Nvidia traci Chiny. Huang: Blackwell nie dla Pekinu, H20 nikt nie chce

Jensen Huang, CEO Nvidii, kategorycznie uciął spekulacje dotyczące sprzedaży flagowych chipów Blackwell do Chin, potwierdzając, że amerykańskie embargo pozostaje w mocy. Jednocześnie firma traci przyczółek na tym kluczowym rynku, ponieważ nawet dopuszczone do sprzedaży, słabsze układy H20 są odrzucane przez chińskich klientów na rzecz krajowych alternatyw.

2 Min
Jensen Huang, Intel, Nvidia
źródło: Nvidia

Jensen Huang, CEO Nvidia, ostatecznie rozwiał nadzieje na szybki powrót firmy na chiński rynek zaawansowanych układów AI. Podczas swojej czwartej tegorocznej wizyty na Tajwanie, Huang kategorycznie zaprzeczył, by prowadzone były “jakiekolwiek aktywne dyskusje” na temat sprzedaży flagowych chipów Blackwell do Chin.

Jego komentarze ucinają spekulacje, które pojawiły się w zeszłym tygodniu. Sugerowano, że rozmowy między prezydentem USA Donaldem Trumpem a prezydentem Chin Xi Jinpingiem mogą otworzyć drogę do sprzedaży okrojonej wersji Blackwell w Chinach.

Chipset Blackwell, kluczowy dla następnej generacji sztucznej inteligencji, pozostaje objęty ścisłym amerykańskim embargiem eksportowym z obawy o jego militarne zastosowanie. “Obecnie nie planujemy wysyłać niczego do Chin” – stwierdził Huang w Tainan, dodając, że powrót Nvidii zależy od zmiany polityki Pekinu.

Jednak oświadczenie Huanga odsłania znacznie głębszy problem biznesowy. Nawet tam, gdzie Nvidia może legalnie sprzedawać, Chiny już nie kupują. Stany Zjednoczone zezwoliły na eksport znacznie słabszego modelu H20, zaprojektowanego specjalnie w celu obejścia sankcji. Okazał się on rynkową porażką.

Huang w ciągu ostatniego miesiąca wielokrotnie przyznawał, że udział firmy w chińskim rynku zaawansowanych chipów AI spadł praktycznie do zera.

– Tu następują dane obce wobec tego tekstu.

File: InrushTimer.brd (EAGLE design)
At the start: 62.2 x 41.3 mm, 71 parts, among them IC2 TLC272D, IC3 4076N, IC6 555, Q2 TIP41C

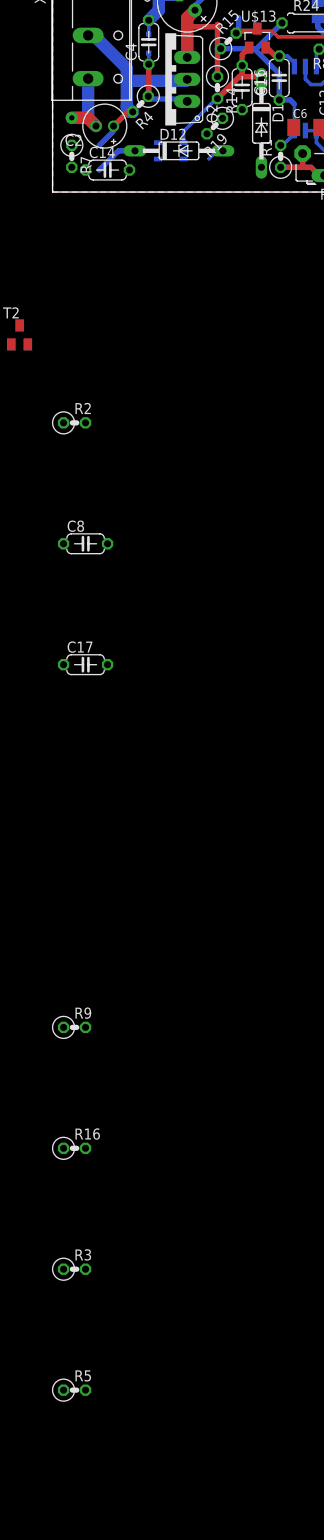
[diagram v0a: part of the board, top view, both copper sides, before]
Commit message: Added inductor model and tweaked schematic.
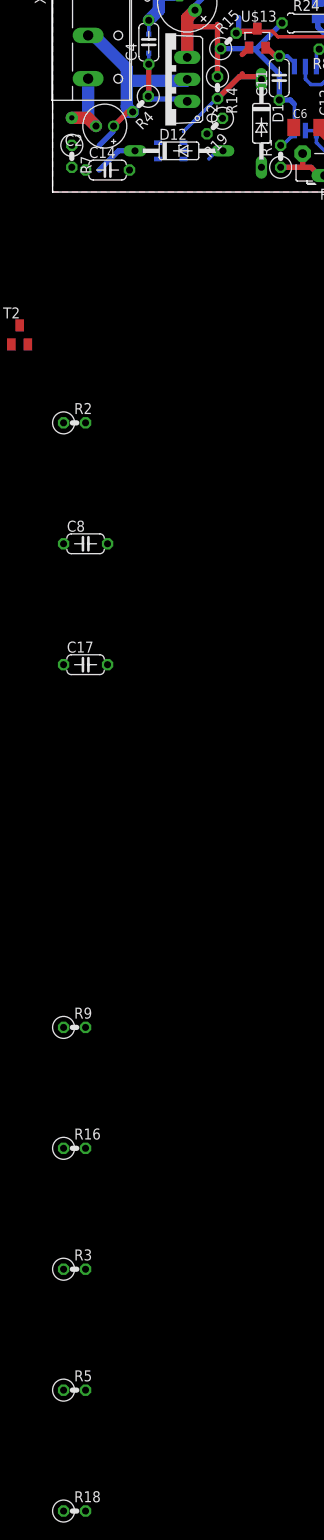
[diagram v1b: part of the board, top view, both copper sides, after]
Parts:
- removed C16: 10nF, rcl:C050-024X044
- added R18: 100, rcl:0207/2V
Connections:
- new net N$23: R18.2, U$4.1
- net RESET_N: now also R18.1; no longer C16.1, U$4.1
- net ZERO: no longer C16.2
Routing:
- net RESET_N: track 30.1 -> 25.6 mm
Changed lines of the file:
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@@
 <element name="C9" library="rcl" package="C0805K" value="1nF" x="6.6675" y="37.7825" rot="MR90"/>
 <element name="C14" library="rcl" package="C050-024X044" value="10nF" x="6.35" y="2.54"/>
-<element name="C16" library="rcl" package="C050-024X044" value="10nF" x="21.9075" y="12.065" rot="R270"/>
 <element name="C10" library="rcl" package="C0805K" value="1nF" x="13.0175" y="39.0525" rot="MR180"/>
 <element name="C1" library="rcl" package="C1206K" value="100nF" x="16.8275" y="37.465" rot="MR90"/>
@@
 <element name="R3" library="rcl" package="0207/2V" value="10K" x="2.54" y="-124.46"/>
 <element name="R5" library="rcl" package="0207/2V" value="10K" x="2.54" y="-138.43"/>
+<element name="R18" library="rcl" package="0207/2V" value="100" x="2.54" y="-152.4"/>
 </elements>
 <signals>
@@
 <contactref element="C25" pad="2"/>
 <contactref element="C9" pad="1"/>
-<contactref element="C16" pad="2"/>
 <contactref element="C1" pad="2"/>
 <contactref element="R13" pad="1"/>
@@
 <wire x1="15.1257" y1="3.8227" x2="18.05305" y2="3.8227" width="0" layer="19" extent="16-16"/>
 <wire x1="19.630525" y1="8.518025" x2="19.685" y2="4.7625" width="0" layer="19" extent="1-1"/>
-<wire x1="21.9075" y1="9.525" x2="19.630525" y2="8.518025" width="0" layer="19" extent="1-1"/>
 <wire x1="8.89" y1="2.54" x2="15.1257" y2="3.8227" width="0" layer="19" extent="16-16"/>
 <wire x1="5.0165" y1="7.62" x2="8.89" y2="2.54" width="0" layer="19" extent="16-16"/>
@@
 <wire x1="29.85135" y1="12.421871875" x2="29.21" y2="13.063221875" width="0.4064" layer="16"/>
 <wire x1="29.21" y1="13.063221875" x2="29.21" y2="14.495" width="0.4064" layer="16"/>
-<contactref element="U$4" pad="1"/>
 <contactref element="U$13" pad="1"/>
 <contactref element="D1" pad="C"/>
-<contactref element="C16" pad="1"/>
 <contactref element="R14" pad="2"/>
 <wire x1="18.923" y1="10.795" x2="15.1257" y2="6.9977" width="0.4064" layer="16"/>
@@
 <wire x1="21.59" y1="13.335" x2="23.8125" y2="13.335" width="0.6096" layer="16"/>
 <wire x1="23.8125" y1="13.335" x2="24.13" y2="13.0175" width="0.6096" layer="16"/>
-<wire x1="21.9075" y1="14.605" x2="21.9075" y2="13.6525" width="0.6096" layer="16"/>
 <wire x1="21.9075" y1="13.6525" x2="21.59" y2="13.335" width="0.6096" layer="16" curve="-90"/>
-<wire x1="15.1257" y1="6.9977" x2="15.1257" y2="5.7023" width="0.4064" layer="16"/>
 <wire x1="18.923" y1="10.795" x2="19.05" y2="10.795" width="0.4064" layer="16"/>
 <wire x1="21.59" y1="13.335" x2="19.05" y2="10.795" width="0.6096" layer="1"/>
@@
 <wire x1="21.9075" y1="13.6525" x2="21.59" y2="13.335" width="0.6096" layer="1" curve="-90"/>
 <wire x1="18.923" y1="10.795" x2="19.05" y2="10.795" width="0.4064" layer="1"/>
-<wire x1="21.9075" y1="14.605" x2="21.9075" y2="13.6525" width="0.6096" layer="1"/>
-<wire x1="21.9075" y1="14.605" x2="21.9075" y2="15.88375" width="0.6096" layer="1"/>
 <wire x1="21.9075" y1="15.88375" x2="22.70375" y2="16.68" width="0.6096" layer="1"/>
-<wire x1="24.13" y1="13.0175" x2="29.21" y2="13.063221875" width="0" layer="19" extent="16-16"/>
+<contactref element="R18" pad="1"/>
+<wire x1="15.1257" y1="6.9977" x2="1.27" y2="-152.4" width="0" layer="19" extent="16-16"/>
+<wire x1="21.9075" y1="15.88375" x2="21.9075" y2="13.6525" width="0" layer="19" extent="1-16"/>
+<wire x1="29.21" y1="13.063221875" x2="24.13" y2="13.0175" width="0" layer="19" extent="16-16"/>
 </signal>
 <signal name="HYST">
@@
 <wire x1="44.60875" y1="18.415" x2="3.81" y2="-124.46" width="0" layer="19" extent="1-1"/>
 </signal>
+<signal name="N$23">
+<contactref element="R18" pad="2"/>
+<contactref element="U$4" pad="1"/>
+<wire x1="15.1257" y1="5.7023" x2="3.81" y2="-152.4" width="0" layer="19" extent="16-16"/>
+</signal>
 </signals>

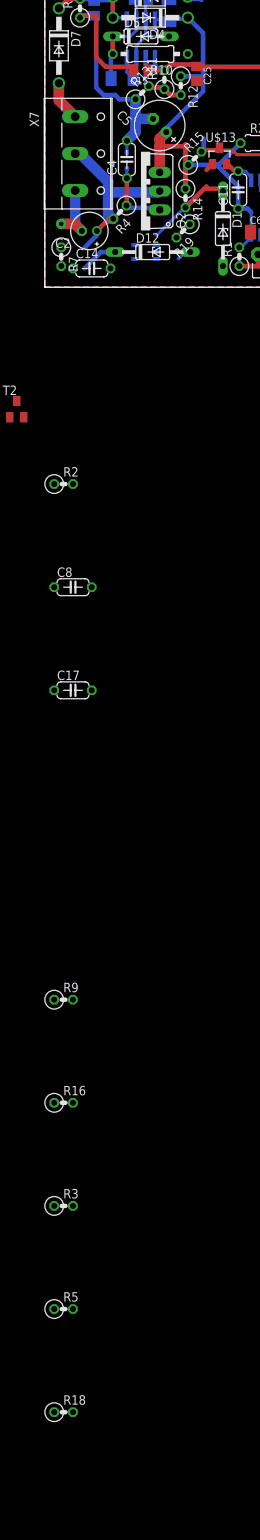
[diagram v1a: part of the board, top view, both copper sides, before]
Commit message: Updated values and topology on schematic.
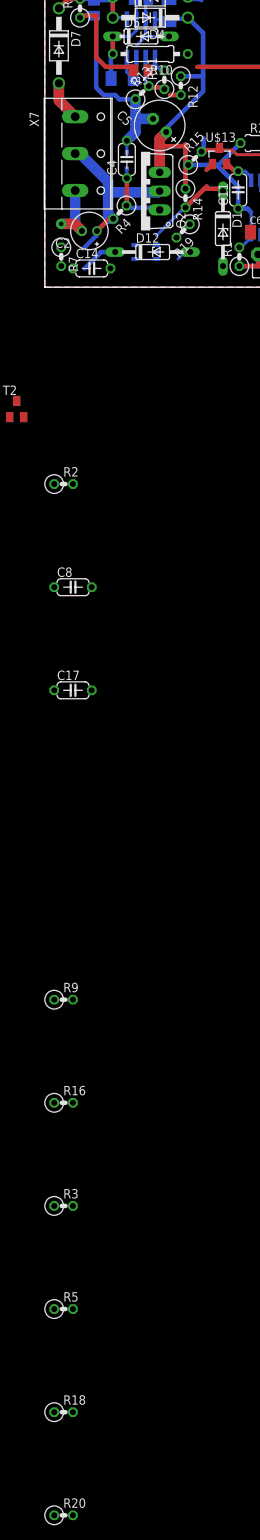
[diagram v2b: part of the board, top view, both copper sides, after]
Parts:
- removed C25: 10p, rcl:C0805K
- added R20: 10K, rcl:0207/2V
- C15: value 10p -> 10p (DNF)
- C17, C8: value 100nF -> 100nF (DNF)
- C9: value 1nF -> 10nF
- R12: value 43K -> 200K
- R13: value 10K -> 100K
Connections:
- new net N$26: IC2.3, R11.1, R20.2
- net HYST: no longer R11.1
- net N$7: now also R20.1; no longer IC2.3
- net PEAK: no longer C25.1
- net ZERO: no longer C25.2
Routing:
- net PEAK: track 34.7 -> 27.2 mm
- net HYST: track 14.4 -> 11.9 mm
- net N$7: track 12.1 -> 10.4 mm
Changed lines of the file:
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@@
 <element name="R10" library="rcl" package="0207/10" value="9.1M" x="14.2875" y="31.59125" rot="R180"/>
 <element name="D5" library="diode" package="DO35-7" value="1N4148DO35-7" x="13.0175" y="33.9725"/>
-<element name="R12" library="rcl" package="0207/2V" value="43K" x="18.415" y="27.305" rot="R270"/>
-<element name="R13" library="rcl" package="0207/2V" value="10K" x="13.17625" y="26.3525" rot="R45"/>
+<element name="R12" library="rcl" package="0207/2V" value="200K" x="18.415" y="27.305" rot="R270"/>
+<element name="R13" library="rcl" package="0207/2V" value="100K" x="13.17625" y="26.3525" rot="R45"/>
 <element name="IC3" library="40xx" package="DIL16" value="4076N" x="40.79875" y="22.225" rot="R90"/>
 <element name="D6" library="diode" package="DO41-10" value="1n4001" x="14.2875" y="39.37"/>
@@
 <element name="R14" library="rcl" package="0207/2V" value="22K" x="19.05" y="12.065" rot="R270"/>
 <element name="R19" library="rcl" package="0207/2V" value="10K" x="18.7325" y="7.62" rot="R225"/>
-<element name="C15" library="rcl" package="C0805K" value="10p" x="13.0175" y="29.36875" rot="R180"/>
+<element name="C15" library="rcl" package="C0805K" value="10p (DNF)" x="13.0175" y="29.36875" rot="R180"/>
 <element name="U$3" library="transistor-fet" package="SOT23" value="2N7002" x="43.4975" y="8.89" rot="MR90"/>
 <element name="D12" library="diode" package="DO35Z10" value="BZX55" x="14.605" y="4.7625"/>
@@
 <element name="C4" library="rcl" package="C050-024X044" value="100nF" x="11.1125" y="17.30375" rot="R90"/>
 <element name="C13" library="rcl" package="C1206K" value="100nF" x="10.4775" y="28.2575" rot="MR180"/>
-<element name="C25" library="rcl" package="C0805K" value="10p" x="20.6375" y="28.8925" rot="R270"/>
 <element name="U$5" library="SHoleLib" package="FODM" value="FODM3053" x="51.435" y="36.5125" rot="MR90"/>
 <element name="Q2" library="transistor-power" package="TO220AV" value="TIP41C" x="13.0175" y="13.0175" rot="R90"/>
@@
 <attribute name="MF" value="" x="56.8325" y="36.195" size="1.778" layer="27" rot="R90" display="off"/>
 </element>
-<element name="C9" library="rcl" package="C0805K" value="1nF" x="6.6675" y="37.7825" rot="MR90"/>
+<element name="C9" library="rcl" package="C0805K" value="10nF" x="6.6675" y="37.7825" rot="MR90"/>
 <element name="C14" library="rcl" package="C050-024X044" value="10nF" x="6.35" y="2.54"/>
 <element name="C10" library="rcl" package="C0805K" value="1nF" x="13.0175" y="39.0525" rot="MR180"/>
@@
 <element name="T2" library="transistor" package="SOT23-BEC" value="" x="-3.81" y="-16.51"/>
 <element name="R2" library="rcl" package="0207/2V" value="10K" x="2.54" y="-26.67"/>
-<element name="C8" library="rcl" package="C050-024X044" value="100nF" x="3.81" y="-40.64"/>
-<element name="C17" library="rcl" package="C050-024X044" value="100nF" x="3.81" y="-54.61"/>
+<element name="C8" library="rcl" package="C050-024X044" value="100nF (DNF)" x="3.81" y="-40.64"/>
+<element name="C17" library="rcl" package="C050-024X044" value="100nF (DNF)" x="3.81" y="-54.61"/>
 <element name="R9" library="rcl" package="0207/2V" value="10K" x="2.54" y="-96.52"/>
 <element name="R16" library="rcl" package="0207/2V" value="10K" x="2.54" y="-110.49"/>
@@
 <element name="R5" library="rcl" package="0207/2V" value="10K" x="2.54" y="-138.43"/>
 <element name="R18" library="rcl" package="0207/2V" value="100" x="2.54" y="-152.4"/>
+<element name="R20" library="rcl" package="0207/2V" value="10K" x="2.54" y="-166.37"/>
 </elements>
 <signals>
@@
 <contactref element="C15" pad="2"/>
 <contactref element="C13" pad="2"/>
-<contactref element="C25" pad="2"/>
 <contactref element="C9" pad="1"/>
 <contactref element="C1" pad="2"/>
@@
 <wire x1="11.1125" y1="29.1225" x2="12.0175" y2="29.36875" width="0" layer="19" extent="1-16"/>
 <wire x1="19.3675" y1="31.59125" x2="12.0175" y2="29.845" width="0" layer="19" extent="1-1"/>
-<wire x1="20.6375" y1="27.8925" x2="19.3675" y2="31.59125" width="0" layer="19" extent="1-1"/>
 <wire x1="19.68309375" y1="39.05440625" x2="19.3675" y2="31.59125" width="0" layer="19" extent="16-16"/>
 <wire x1="1.27" y1="-26.67" x2="8.89" y2="2.54" width="0" layer="19" extent="1-1"/>
@@
 <signal name="PEAK">
 <contactref element="IC3" pad="7"/>
-<contactref element="R11" pad="2"/>
 <contactref element="C15" pad="1"/>
-<contactref element="C25" pad="1"/>
 <contactref element="IC2" pad="1"/>
 <wire x1="14.9225" y1="31.055" x2="14.9225" y2="30.140275" width="0.4064" layer="16"/>
 <wire x1="14.9225" y1="30.140275" x2="15.653384375" y2="29.409390625" width="0.4064" layer="16"/>
 <wire x1="15.653384375" y1="29.409390625" x2="16.151859375" y2="29.409390625" width="0.4064" layer="16"/>
-<wire x1="16.151859375" y1="29.409390625" x2="16.1925" y2="29.36875" width="0.4064" layer="16"/>
 <wire x1="14.224" y1="29.464" x2="14.0175" y2="29.36875" width="0.6096" layer="1"/>
-<wire x1="16.256" y1="29.464" x2="16.1925" y2="29.36875" width="0.6096" layer="16"/>
 <wire x1="44.32935" y1="28.8544" x2="43.69435" y2="28.8544" width="0.4064" layer="1"/>
 <wire x1="43.69435" y1="28.8544" x2="42.70375" y2="29.845" width="0.4064" layer="1"/>
 <wire x1="44.60875" y1="28.575" x2="44.32935" y2="28.8544" width="0.4064" layer="1"/>
-<wire x1="16.1925" y1="29.36875" x2="14.0175" y2="29.36875" width="0.6096" layer="1"/>
-<wire x1="20.6375" y1="30.1625" x2="20.3675" y2="30.1625" width="0.6096" layer="1"/>
-<wire x1="20.32" y1="30.1625" x2="16.98625" y2="30.1625" width="0.6096" layer="1"/>
-<wire x1="16.98625" y1="30.1625" x2="16.1925" y2="29.36875" width="0.6096" layer="1"/>
 <wire x1="42.70375" y1="29.845" x2="34.925" y2="29.845" width="0.4064" layer="1"/>
 <wire x1="34.925" y1="29.845" x2="20.6375" y2="29.845" width="0.6096" layer="1"/>
-<wire x1="20.6375" y1="29.845" x2="20.6375" y2="29.8925" width="0.6096" layer="1"/>
-<wire x1="20.6375" y1="29.8925" x2="20.3675" y2="30.1625" width="0.6096" layer="1"/>
-<wire x1="20.3675" y1="30.1625" x2="20.32" y2="30.1625" width="0.6096" layer="1"/>
+<contactref element="R11" pad="2"/>
+<wire x1="16.1925" y1="29.36875" x2="20.6375" y2="29.845" width="0" layer="19" extent="1-1"/>
+<wire x1="16.151859375" y1="29.409390625" x2="16.1925" y2="29.36875" width="0" layer="19" extent="16-16"/>
+<wire x1="14.224" y1="29.464" x2="14.9225" y2="30.140275" width="0" layer="19" extent="1-16"/>
 </signal>
 <signal name="N$16">
@@
 </signal>
 <signal name="HYST">
-<contactref element="R11" pad="1"/>
 <contactref element="IC2" pad="2"/>
 <contactref element="R13" pad="2"/>
@@
 <wire x1="13.6525" y1="27.250525" x2="14.074275" y2="27.250525" width="0.4064" layer="16"/>
 <wire x1="18.415" y1="26.035" x2="16.98625" y2="26.035" width="0.6096" layer="16"/>
-<wire x1="16.98625" y1="26.035" x2="16.1925" y2="26.82875" width="0.6096" layer="16"/>
-<wire x1="16.1925" y1="26.82875" x2="16.1925" y2="26.944321875" width="0.6096" layer="16"/>
 <wire x1="16.1925" y1="26.944321875" x2="16.28584375" y2="27.037665625" width="0.6096" layer="16"/>
 <wire x1="16.28584375" y1="27.037665625" x2="14.287134375" y2="27.037665625" width="0.6096" layer="16"/>
 <wire x1="14.287134375" y1="27.037665625" x2="14.074275" y2="27.250525" width="0.6096" layer="16"/>
 <wire x1="18.415" y1="26.035" x2="16.98625" y2="26.035" width="0.6096" layer="1"/>
-<wire x1="16.98625" y1="26.035" x2="16.1925" y2="26.82875" width="0.6096" layer="1"/>
-<wire x1="16.1925" y1="26.82875" x2="16.1925" y2="26.944321875" width="0.6096" layer="1"/>
 <wire x1="16.1925" y1="26.944321875" x2="16.28584375" y2="27.037665625" width="0.6096" layer="1"/>
 <wire x1="16.28584375" y1="27.037665625" x2="14.287134375" y2="27.037665625" width="0.6096" layer="1"/>
 <wire x1="14.287134375" y1="27.037665625" x2="14.074275" y2="27.250525" width="0.6096" layer="1"/>
+<wire x1="16.1925" y1="26.944321875" x2="16.98625" y2="26.035" width="0" layer="19" extent="16-16"/>
 </signal>
 <signal name="N$11">
@@
 </signal>
 <signal name="N$7">
-<contactref element="IC2" pad="3"/>
 <contactref element="D5" pad="A"/>
 <contactref element="C10" pad="2"/>
@@
 <wire x1="13.6525" y1="36.255" x2="13.6525" y2="33.9725" width="0.4064" layer="16"/>
 <wire x1="13.6525" y1="33.9725" x2="12.3825" y2="32.7025" width="0.4064" layer="16"/>
-<wire x1="12.3825" y1="32.7025" x2="12.3825" y2="31.055" width="0.4064" layer="16"/>
 <wire x1="14.0175" y1="39.0525" x2="13.6525" y2="39.0525" width="0.4064" layer="16"/>
 <wire x1="13.6525" y1="39.0525" x2="13.6525" y2="36.255" width="0.4064" layer="16"/>
 <contactref element="C7" pad="2"/>
-<wire x1="13.6525" y1="39.0525" x2="13.7" y2="40.64" width="0" layer="19" extent="1-16"/>
+<contactref element="R20" pad="1"/>
+<wire x1="12.3825" y1="32.7025" x2="1.27" y2="-166.37" width="0" layer="19" extent="16-16"/>
+<wire x1="13.7" y1="40.64" x2="13.6525" y2="39.0525" width="0" layer="19" extent="1-16"/>
 </signal>
 <signal name="N$28">
@@
 <wire x1="15.1257" y1="5.7023" x2="3.81" y2="-152.4" width="0" layer="19" extent="16-16"/>
 </signal>
+<signal name="N$26">
+<contactref element="R20" pad="2"/>
+<contactref element="IC2" pad="3"/>
+<contactref element="R11" pad="1"/>
+<wire x1="16.1925" y1="26.82875" x2="3.81" y2="-166.37" width="0" layer="19" extent="1-1"/>
+<wire x1="12.3825" y1="31.055" x2="16.1925" y2="26.82875" width="0" layer="19" extent="16-16"/>
+</signal>
 </signals>

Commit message: Corrected component values (units)
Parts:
- C15: value 10p (DNF) -> 10pF (DNF)
- C2: value 10u -> 10uF
- C5: value 100u -> 100uF
- R18: value 100 -> 100R
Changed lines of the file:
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@@
 <elements>
 <element name="D3" library="diode" package="SOD323-R" value="Z12V" x="11.1125" y="17.145" rot="MR90"/>
-<element name="C2" library="rcl" package="E2-5" value="10u" x="6.0325" y="7.62" rot="R180"/>
-<element name="C5" library="rcl" package="E2,5-7" value="100u" x="15.5575" y="21.9075" rot="R135"/>
+<element name="C2" library="rcl" package="E2-5" value="10uF" x="6.0325" y="7.62" rot="R180"/>
+<element name="C5" library="rcl" package="E2,5-7" value="100uF" x="15.5575" y="21.9075" rot="R135"/>
 <element name="R4" library="rcl" package="0207/2V" value="4K7" x="10.16" y="10.16" rot="R225"/>
 <element name="R6" library="rcl" package="0207/2V" value="22K" x="4.7625" y="37.7825" rot="R90"/>
@@
 <element name="R14" library="rcl" package="0207/2V" value="22K" x="19.05" y="12.065" rot="R270"/>
 <element name="R19" library="rcl" package="0207/2V" value="10K" x="18.7325" y="7.62" rot="R225"/>
-<element name="C15" library="rcl" package="C0805K" value="10p (DNF)" x="13.0175" y="29.36875" rot="R180"/>
+<element name="C15" library="rcl" package="C0805K" value="10pF (DNF)" x="13.0175" y="29.36875" rot="R180"/>
 <element name="U$3" library="transistor-fet" package="SOT23" value="2N7002" x="43.4975" y="8.89" rot="MR90"/>
 <element name="D12" library="diode" package="DO35Z10" value="BZX55" x="14.605" y="4.7625"/>
@@
 <element name="R3" library="rcl" package="0207/2V" value="10K" x="2.54" y="-124.46"/>
 <element name="R5" library="rcl" package="0207/2V" value="10K" x="2.54" y="-138.43"/>
-<element name="R18" library="rcl" package="0207/2V" value="100" x="2.54" y="-152.4"/>
+<element name="R18" library="rcl" package="0207/2V" value="100R" x="2.54" y="-152.4"/>
 <element name="R20" library="rcl" package="0207/2V" value="10K" x="2.54" y="-166.37"/>
 </elements>

Stwierdził, że Pekin “nie chce Nvidii w kraju”, a lokalni giganci technologiczni, jak Alibaba czy Tencent, wolą inwestować w krajowe alternatywy (np. od Huawei) niż kupować gorsze wydajnościowo amerykańskie procesory.

Podczas wizyty u kluczowego partnera produkcyjnego, TSMC, Huang zapewnił, że globalnie “biznes jest bardzo silny”. Sprostował również niedawne doniesienia “Financial Times”, jakoby ogłosił zwycięstwo Chin w wyścigu AI. “To nie jest to, co powiedziałem” – zaznaczył. Wyjaśnił, że Chiny mają “bardzo dobrą technologię” i 50% światowych badaczy AI, co miało służyć jako ostrzeżenie dla USA. “Stany Zjednoczone muszą nadal poruszać się niesamowicie szybko… musimy szybko biec”.

Dla globalnego biznesu technologicznego oznacza to, że przychody są obecnie bezpośrednio uzależnione od decyzji politycznych, a brak dostępu do kluczowych rynków błyskawicznie stymuluje powstawanie silnej, lokalnej konkurencji. W konsekwencji firmy muszą być gotowe na szybką fragmentację rynku AI i dywersyfikować swoje strategie w odpowiedzi na rosnący protekcjonizm technologiczny.